Tetapi kegaduhan sosial-politik sengaja diciptakan begitu hebat seakan-akan Indonesia sedang berperang. Seakan-akan rakyat hanya dihadapkan kepada dua pilihan: menjadi negara Pancasila atau negara khilafah?

Indonesia seperti dalam keadaan darurat. Dalam situasi seperti itu orang-orang yang tidak waspada didorong untuk mempercayai penguasa tanpa reserve.

Orang-orang itu kemudian menjadi toleran terhadap kekerasan dan kecurangan penguasa. Mereka juga mengambil sikap tidak peduli terhadap tindakan-tindakan pemerintah yang semakin otoriter dan mengonsentrasikan kekuasaan dengan mengambil kewenangan legislatif maupun eksekutif.

Mereka tidak peduli bahwa produk-produk hukum belakangan ini telah menimbulkan kerugian besar bagi generasi masa depan, misalnya dari ekstraksi minerba. Mereka masa bodoh terhadap potensi penjarahan yang mungkin terjadi akibat undang-undang yang menjadikan pemerintahan kebal hukum.

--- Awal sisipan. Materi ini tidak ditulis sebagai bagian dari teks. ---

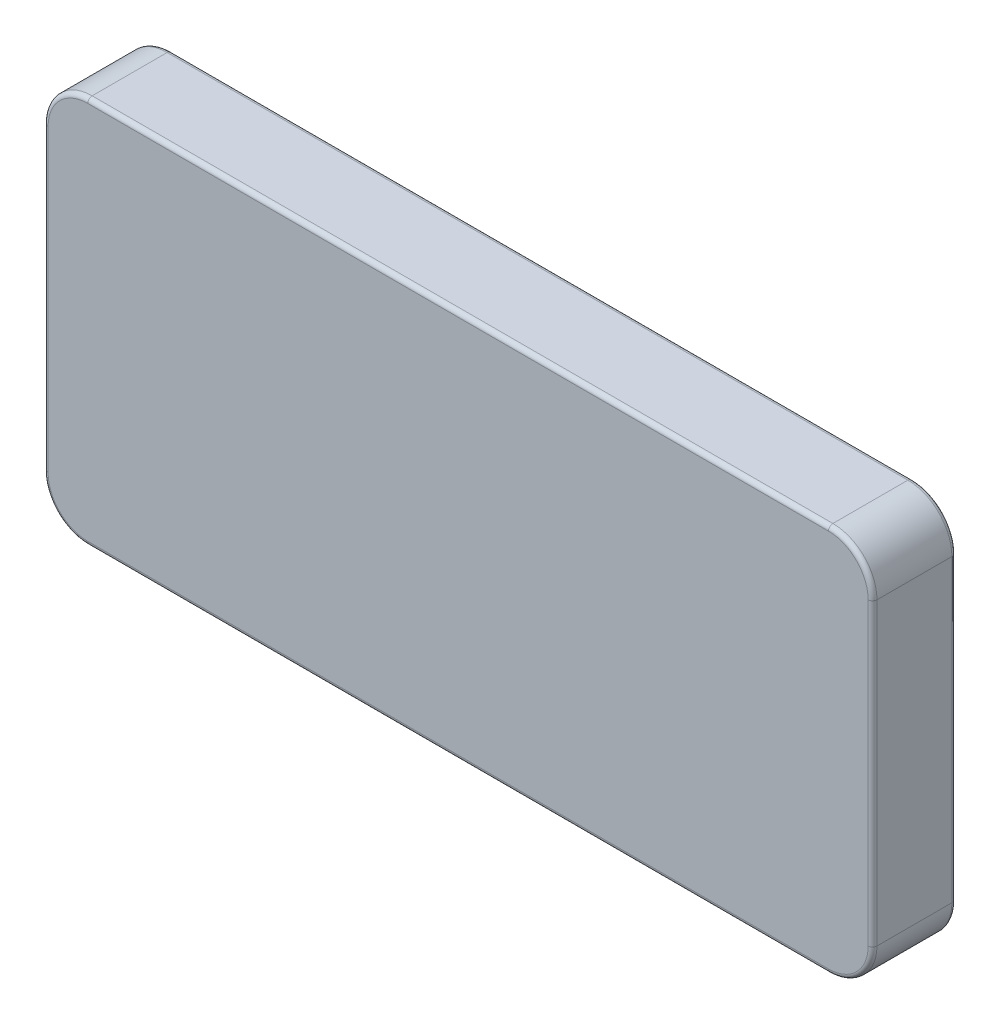
ISO-10303-21;
HEADER;
FILE_DESCRIPTION(('STEP AP214'),'2;1');
FILE_NAME('part.step','',(''),(''),'','','');
FILE_SCHEMA(('AUTOMOTIVE_DESIGN { 1 0 10303 214 1 1 1 1 }'));
ENDSEC;
DATA;
#1=APPLICATION_CONTEXT('core data for automotive mechanical design processes');
#2=APPLICATION_PROTOCOL_DEFINITION('international standard','automotive_design',2000,#1);
#3=PRODUCT_CONTEXT('',#1,'mechanical');
#4=PRODUCT('Part','Part','',(#3));
#5=PRODUCT_RELATED_PRODUCT_CATEGORY('part','',(#4));
#6=PRODUCT_DEFINITION_FORMATION('','',#4);
#7=PRODUCT_DEFINITION_CONTEXT('part definition',#1,'design');
#8=PRODUCT_DEFINITION('design','',#6,#7);
#9=PRODUCT_DEFINITION_SHAPE('','',#8);
#10=(LENGTH_UNIT() NAMED_UNIT(*) SI_UNIT(.MILLI.,.METRE.));
#11=(NAMED_UNIT(*) PLANE_ANGLE_UNIT() SI_UNIT($,.RADIAN.));
#12=(NAMED_UNIT(*) SI_UNIT($,.STERADIAN.) SOLID_ANGLE_UNIT());
#13=UNCERTAINTY_MEASURE_WITH_UNIT(LENGTH_MEASURE(1.E-05),#10,'distance_accuracy_value','');
#14=(GEOMETRIC_REPRESENTATION_CONTEXT(3) GLOBAL_UNCERTAINTY_ASSIGNED_CONTEXT((#13)) GLOBAL_UNIT_ASSIGNED_CONTEXT((#10,
#11,#12)) REPRESENTATION_CONTEXT('',''));
#15=CARTESIAN_POINT('',(0.,0.,0.));
#16=DIRECTION('',(0.,0.,1.));
#17=DIRECTION('',(1.,0.,0.));
#18=AXIS2_PLACEMENT_3D('',#15,#16,#17);
#19=CARTESIAN_POINT('',(0.,0.,190.));
#20=DIRECTION('',(1.,0.,0.));
#21=DIRECTION('',(0.,0.,-1.));
#22=AXIS2_PLACEMENT_3D('',#19,#20,#21);
#23=PLANE('',#22);
#24=DIRECTION('',(0.,0.,-1.));
#25=VECTOR('',#24,1.);
#26=CARTESIAN_POINT('',(0.,780.,190.));
#27=LINE('',#26,#25);
#28=CARTESIAN_POINT('',(0.,780.,180.));
#29=VERTEX_POINT('',#28);
#30=CARTESIAN_POINT('',(0.,780.,10.));
#31=VERTEX_POINT('',#30);
#32=EDGE_CURVE('E280',#29,#31,#27,.T.);
#33=ORIENTED_EDGE('',*,*,#32,.T.);
#34=DIRECTION('',(0.,-1.,0.));
#35=VECTOR('',#34,1.);
#36=CARTESIAN_POINT('',(0.,100.,10.));
#37=LINE('',#36,#35);
#38=CARTESIAN_POINT('',(0.,100.,10.));
#39=VERTEX_POINT('',#38);
#40=EDGE_CURVE('E207',#31,#39,#37,.T.);
#41=ORIENTED_EDGE('',*,*,#40,.T.);
#42=DIRECTION('',(0.,0.,-1.));
#43=VECTOR('',#42,1.);
#44=CARTESIAN_POINT('',(0.,100.,190.));
#45=LINE('',#44,#43);
#46=CARTESIAN_POINT('',(0.,100.,180.));
#47=VERTEX_POINT('',#46);
#48=EDGE_CURVE('E238',#39,#47,#45,.F.);
#49=ORIENTED_EDGE('',*,*,#48,.T.);
#50=DIRECTION('',(0.,-1.,0.));
#51=VECTOR('',#50,1.);
#52=CARTESIAN_POINT('',(0.,0.,180.));
#53=LINE('',#52,#51);
#54=EDGE_CURVE('E205',#47,#29,#53,.F.);
#55=ORIENTED_EDGE('',*,*,#54,.T.);
#56=EDGE_LOOP('',(#33,#41,#49,#55));
#57=FACE_BOUND('',#56,.T.);
#58=ADVANCED_FACE('F33',(#57),#23,.F.);
#59=CARTESIAN_POINT('',(0.,0.,190.));
#60=DIRECTION('',(0.,1.,0.));
#61=DIRECTION('',(0.,0.,1.));
#62=AXIS2_PLACEMENT_3D('',#59,#60,#61);
#63=PLANE('',#62);
#64=DIRECTION('',(0.,0.,-1.));
#65=VECTOR('',#64,1.);
#66=CARTESIAN_POINT('',(100.,0.,190.));
#67=LINE('',#66,#65);
#68=CARTESIAN_POINT('',(100.,0.,180.));
#69=VERTEX_POINT('',#68);
#70=CARTESIAN_POINT('',(100.,0.,10.));
#71=VERTEX_POINT('',#70);
#72=EDGE_CURVE('E276',#69,#71,#67,.T.);
#73=ORIENTED_EDGE('',*,*,#72,.T.);
#74=DIRECTION('',(1.,0.,0.));
#75=VECTOR('',#74,1.);
#76=CARTESIAN_POINT('',(1780.,0.,10.));
#77=LINE('',#76,#75);
#78=CARTESIAN_POINT('',(1780.,0.,10.));
#79=VERTEX_POINT('',#78);
#80=EDGE_CURVE('E182',#71,#79,#77,.T.);
#81=ORIENTED_EDGE('',*,*,#80,.T.);
#82=DIRECTION('',(0.,0.,-1.));
#83=VECTOR('',#82,1.);
#84=CARTESIAN_POINT('',(1780.,0.,190.));
#85=LINE('',#84,#83);
#86=CARTESIAN_POINT('',(1780.,0.,180.));
#87=VERTEX_POINT('',#86);
#88=EDGE_CURVE('E290',#79,#87,#85,.F.);
#89=ORIENTED_EDGE('',*,*,#88,.T.);
#90=DIRECTION('',(1.,0.,0.));
#91=VECTOR('',#90,1.);
#92=CARTESIAN_POINT('',(0.,0.,180.));
#93=LINE('',#92,#91);
#94=EDGE_CURVE('E180',#87,#69,#93,.F.);
#95=ORIENTED_EDGE('',*,*,#94,.T.);
#96=EDGE_LOOP('',(#73,#81,#89,#95));
#97=FACE_BOUND('',#96,.T.);
#98=ADVANCED_FACE('F317',(#97),#63,.F.);
#99=CARTESIAN_POINT('',(1880.,0.,190.));
#100=DIRECTION('',(-1.,0.,0.));
#101=DIRECTION('',(0.,0.,1.));
#102=AXIS2_PLACEMENT_3D('',#99,#100,#101);
#103=PLANE('',#102);
#104=DIRECTION('',(0.,0.,-1.));
#105=VECTOR('',#104,1.);
#106=CARTESIAN_POINT('',(1880.,100.,190.));
#107=LINE('',#106,#105);
#108=CARTESIAN_POINT('',(1880.,100.,180.));
#109=VERTEX_POINT('',#108);
#110=CARTESIAN_POINT('',(1880.,100.,10.));
#111=VERTEX_POINT('',#110);
#112=EDGE_CURVE('E166',#109,#111,#107,.T.);
#113=ORIENTED_EDGE('',*,*,#112,.T.);
#114=DIRECTION('',(0.,1.,0.));
#115=VECTOR('',#114,1.);
#116=CARTESIAN_POINT('',(1880.,780.,10.));
#117=LINE('',#116,#115);
#118=CARTESIAN_POINT('',(1880.,780.,10.));
#119=VERTEX_POINT('',#118);
#120=EDGE_CURVE('E190',#111,#119,#117,.T.);
#121=ORIENTED_EDGE('',*,*,#120,.T.);
#122=DIRECTION('',(0.,0.,-1.));
#123=VECTOR('',#122,1.);
#124=CARTESIAN_POINT('',(1880.,780.,190.));
#125=LINE('',#124,#123);
#126=CARTESIAN_POINT('',(1880.,780.,180.));
#127=VERTEX_POINT('',#126);
#128=EDGE_CURVE('E294',#119,#127,#125,.F.);
#129=ORIENTED_EDGE('',*,*,#128,.T.);
#130=DIRECTION('',(0.,1.,0.));
#131=VECTOR('',#130,1.);
#132=CARTESIAN_POINT('',(1880.,0.,180.));
#133=LINE('',#132,#131);
#134=EDGE_CURVE('E188',#127,#109,#133,.F.);
#135=ORIENTED_EDGE('',*,*,#134,.T.);
#136=EDGE_LOOP('',(#113,#121,#129,#135));
#137=FACE_BOUND('',#136,.T.);
#138=ADVANCED_FACE('F361',(#137),#103,.F.);
#139=CARTESIAN_POINT('',(0.,880.,190.));
#140=DIRECTION('',(0.,-1.,0.));
#141=DIRECTION('',(0.,0.,-1.));
#142=AXIS2_PLACEMENT_3D('',#139,#140,#141);
#143=PLANE('',#142);
#144=DIRECTION('',(0.,0.,-1.));
#145=VECTOR('',#144,1.);
#146=CARTESIAN_POINT('',(1780.,880.,190.));
#147=LINE('',#146,#145);
#148=CARTESIAN_POINT('',(1780.,880.,180.));
#149=VERTEX_POINT('',#148);
#150=CARTESIAN_POINT('',(1780.,880.,10.));
#151=VERTEX_POINT('',#150);
#152=EDGE_CURVE('E282',#149,#151,#147,.T.);
#153=ORIENTED_EDGE('',*,*,#152,.T.);
#154=DIRECTION('',(-1.,0.,0.));
#155=VECTOR('',#154,1.);
#156=CARTESIAN_POINT('',(100.,880.,10.));
#157=LINE('',#156,#155);
#158=CARTESIAN_POINT('',(100.,880.,10.));
#159=VERTEX_POINT('',#158);
#160=EDGE_CURVE('E199',#151,#159,#157,.T.);
#161=ORIENTED_EDGE('',*,*,#160,.T.);
#162=DIRECTION('',(0.,0.,-1.));
#163=VECTOR('',#162,1.);
#164=CARTESIAN_POINT('',(100.,880.,190.));
#165=LINE('',#164,#163);
#166=CARTESIAN_POINT('',(100.,880.,180.));
#167=VERTEX_POINT('',#166);
#168=EDGE_CURVE('E287',#159,#167,#165,.F.);
#169=ORIENTED_EDGE('',*,*,#168,.T.);
#170=DIRECTION('',(-1.,0.,0.));
#171=VECTOR('',#170,1.);
#172=CARTESIAN_POINT('',(0.,880.,180.));
#173=LINE('',#172,#171);
#174=EDGE_CURVE('E197',#167,#149,#173,.F.);
#175=ORIENTED_EDGE('',*,*,#174,.T.);
#176=EDGE_LOOP('',(#153,#161,#169,#175));
#177=FACE_BOUND('',#176,.T.);
#178=ADVANCED_FACE('F345',(#177),#143,.F.);
#179=CARTESIAN_POINT('',(0.,0.,190.));
#180=DIRECTION('',(0.,0.,-1.));
#181=DIRECTION('',(-1.,0.,0.));
#182=AXIS2_PLACEMENT_3D('',#179,#180,#181);
#183=PLANE('',#182);
#184=DIRECTION('',(0.,1.,0.));
#185=VECTOR('',#184,1.);
#186=CARTESIAN_POINT('',(1870.,0.,190.));
#187=LINE('',#186,#185);
#188=CARTESIAN_POINT('',(1870.,100.,190.));
#189=VERTEX_POINT('',#188);
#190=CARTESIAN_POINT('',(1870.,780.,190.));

Mereka tidak mau tahu bahwa UU Cipta Kerja telah mengubah buruh dan tani menjadi budak; tanah sepenuhnya dikomersialisasikan sehingga jutaan petani hanya berpeluang menjadi buruh tani; pesantren-pesantren berubah dari produk amal-ibadah menjadi produk pasar komersial. Dan seterusnya, dan sebagainya.